▶ _TASK TO CARRY OUT_:
For this exercise, retype each line of the material below verbatim and omit any picture.
START RECORDS SHOWN
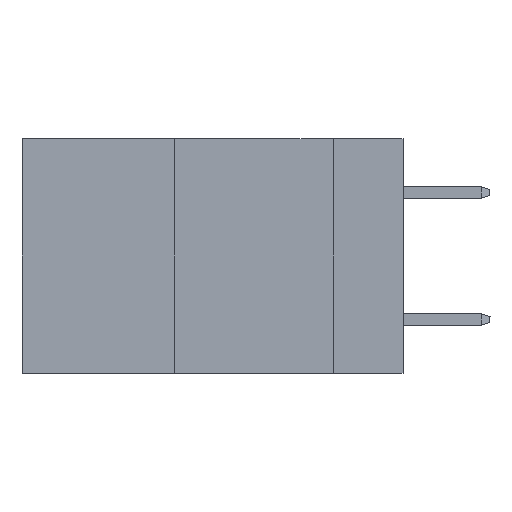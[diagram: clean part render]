
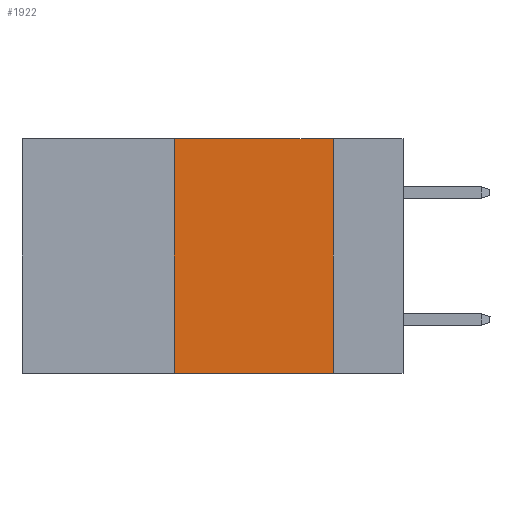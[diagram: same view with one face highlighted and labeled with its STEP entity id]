
A CAD part, left-side view. The second image highlights one B-rep face of the part: STEP entity #1922.
In plain terms, the highlighted planar face has unit normal (-1, 0, 0).
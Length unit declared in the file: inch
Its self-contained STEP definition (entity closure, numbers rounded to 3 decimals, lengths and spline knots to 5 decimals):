
#661 = CARTESIAN_POINT ( 'NONE',  ( 0., 0.11, -0.37 ) ) ;
#853 = ORIENTED_EDGE ( 'NONE', *, *, #22373, .F. ) ;
#1360 = VECTOR ( 'NONE', #24112, 39.37008 ) ;
#1922 = ADVANCED_FACE ( 'NONE', ( #19017 ), #7558, .F. ) ;
#2053 = EDGE_CURVE ( 'NONE', #28522, #11244, #5907, .T. ) ;
#2545 = LINE ( 'NONE', #27266, #9186 ) ;
#3667 = CARTESIAN_POINT ( 'NONE',  ( 0., 0.36, -0.37 ) ) ;
#5485 = LINE ( 'NONE', #28543, #5537 ) ;
#5537 = VECTOR ( 'NONE', #14390, 39.37008 ) ;
#5697 = CARTESIAN_POINT ( 'NONE',  ( 0., 0.6, -0.37 ) ) ;
#5907 = LINE ( 'NONE', #10567, #8036 ) ;
#6410 = VERTEX_POINT ( 'NONE', #3667 ) ;
#6632 = AXIS2_PLACEMENT_3D ( 'NONE', #14051, #23275, #7260 ) ;
#7260 = DIRECTION ( 'NONE',  ( 0., 0., -1. ) ) ;
#7558 = PLANE ( 'NONE',  #6632 ) ;
#8036 = VECTOR ( 'NONE', #24327, 39.37008 ) ;
#8300 = CARTESIAN_POINT ( 'NONE',  ( 0., 0.11, 0. ) ) ;
#9186 = VECTOR ( 'NONE', #13541, 39.37008 ) ;
#10567 = CARTESIAN_POINT ( 'NONE',  ( 0., 0.6, 0. ) ) ;
#11244 = VERTEX_POINT ( 'NONE', #8300 ) ;
#12092 = ORIENTED_EDGE ( 'NONE', *, *, #2053, .F. ) ;
#13541 = DIRECTION ( 'NONE',  ( 0., 0., 1. ) ) ;
#14051 = CARTESIAN_POINT ( 'NONE',  ( 0., 0.6, 0. ) ) ;
#14390 = DIRECTION ( 'NONE',  ( 0., 0., -1. ) ) ;
#16536 = VERTEX_POINT ( 'NONE', #661 ) ;
#18637 = EDGE_CURVE ( 'NONE', #6410, #28522, #2545, .T. ) ;
#19017 = FACE_OUTER_BOUND ( 'NONE', #22444, .T. ) ;
#22242 = ORIENTED_EDGE ( 'NONE', *, *, #18637, .F. ) ;
#22373 = EDGE_CURVE ( 'NONE', #11244, #16536, #5485, .T. ) ;
#22444 = EDGE_LOOP ( 'NONE', ( #853, #12092, #22242, #25065 ) ) ;
#22584 = CARTESIAN_POINT ( 'NONE',  ( 0., 0.36, 0. ) ) ;
#23275 = DIRECTION ( 'NONE',  ( 1., 0., 0. ) ) ;
#24112 = DIRECTION ( 'NONE',  ( 0., -1., 0. ) ) ;
#24327 = DIRECTION ( 'NONE',  ( 0., -1., 0. ) ) ;
#25065 = ORIENTED_EDGE ( 'NONE', *, *, #28432, .T. ) ;
#26342 = LINE ( 'NONE', #5697, #1360 ) ;
#27266 = CARTESIAN_POINT ( 'NONE',  ( 0., 0.36, 0. ) ) ;
#28432 = EDGE_CURVE ( 'NONE', #6410, #16536, #26342, .T. ) ;
#28522 = VERTEX_POINT ( 'NONE', #22584 ) ;
#28543 = CARTESIAN_POINT ( 'NONE',  ( 0., 0.11, 0. ) ) ;
END RECORDS SHOWN
▶ _WRITTEN RESPONSE_:
[diagram: clean part render]
[diagram: same view with one face highlighted and labeled with its STEP entity id]
A CAD part, left-side view. The second image highlights one B-rep face of the part: STEP entity #1922.
In plain terms, the highlighted planar face has unit normal (-1, 0, 0).
Length unit declared in the file: inch
Its self-contained STEP definition (entity closure, numbers rounded to 3 decimals, lengths and spline knots to 5 decimals):
#661 = CARTESIAN_POINT ( 'NONE',  ( 0., 0.11, -0.37 ) ) ;
#853 = ORIENTED_EDGE ( 'NONE', *, *, #22373, .F. ) ;
#1360 = VECTOR ( 'NONE', #24112, 39.37008 ) ;
#1922 = ADVANCED_FACE ( 'NONE', ( #19017 ), #7558, .F. ) ;
#2053 = EDGE_CURVE ( 'NONE', #28522, #11244, #5907, .T. ) ;
#2545 = LINE ( 'NONE', #27266, #9186 ) ;
#3667 = CARTESIAN_POINT ( 'NONE',  ( 0., 0.36, -0.37 ) ) ;
#5485 = LINE ( 'NONE', #28543, #5537 ) ;
#5537 = VECTOR ( 'NONE', #14390, 39.37008 ) ;
#5697 = CARTESIAN_POINT ( 'NONE',  ( 0., 0.6, -0.37 ) ) ;
#5907 = LINE ( 'NONE', #10567, #8036 ) ;
#6410 = VERTEX_POINT ( 'NONE', #3667 ) ;
#6632 = AXIS2_PLACEMENT_3D ( 'NONE', #14051, #23275, #7260 ) ;
#7260 = DIRECTION ( 'NONE',  ( 0., 0., -1. ) ) ;
#7558 = PLANE ( 'NONE',  #6632 ) ;
#8036 = VECTOR ( 'NONE', #24327, 39.37008 ) ;
#8300 = CARTESIAN_POINT ( 'NONE',  ( 0., 0.11, 0. ) ) ;
#9186 = VECTOR ( 'NONE', #13541, 39.37008 ) ;
#10567 = CARTESIAN_POINT ( 'NONE',  ( 0., 0.6, 0. ) ) ;
#11244 = VERTEX_POINT ( 'NONE', #8300 ) ;
#12092 = ORIENTED_EDGE ( 'NONE', *, *, #2053, .F. ) ;
#13541 = DIRECTION ( 'NONE',  ( 0., 0., 1. ) ) ;
#14051 = CARTESIAN_POINT ( 'NONE',  ( 0., 0.6, 0. ) ) ;
#14390 = DIRECTION ( 'NONE',  ( 0., 0., -1. ) ) ;
#16536 = VERTEX_POINT ( 'NONE', #661 ) ;
#18637 = EDGE_CURVE ( 'NONE', #6410, #28522, #2545, .T. ) ;
#19017 = FACE_OUTER_BOUND ( 'NONE', #22444, .T. ) ;
#22242 = ORIENTED_EDGE ( 'NONE', *, *, #18637, .F. ) ;
#22373 = EDGE_CURVE ( 'NONE', #11244, #16536, #5485, .T. ) ;
#22444 = EDGE_LOOP ( 'NONE', ( #853, #12092, #22242, #25065 ) ) ;
#22584 = CARTESIAN_POINT ( 'NONE',  ( 0., 0.36, 0. ) ) ;
#23275 = DIRECTION ( 'NONE',  ( 1., 0., 0. ) ) ;
#24112 = DIRECTION ( 'NONE',  ( 0., -1., 0. ) ) ;
#24327 = DIRECTION ( 'NONE',  ( 0., -1., 0. ) ) ;
#25065 = ORIENTED_EDGE ( 'NONE', *, *, #28432, .T. ) ;
#26342 = LINE ( 'NONE', #5697, #1360 ) ;
#27266 = CARTESIAN_POINT ( 'NONE',  ( 0., 0.36, 0. ) ) ;
#28432 = EDGE_CURVE ( 'NONE', #6410, #16536, #26342, .T. ) ;
#28522 = VERTEX_POINT ( 'NONE', #22584 ) ;
#28543 = CARTESIAN_POINT ( 'NONE',  ( 0., 0.11, 0. ) ) ;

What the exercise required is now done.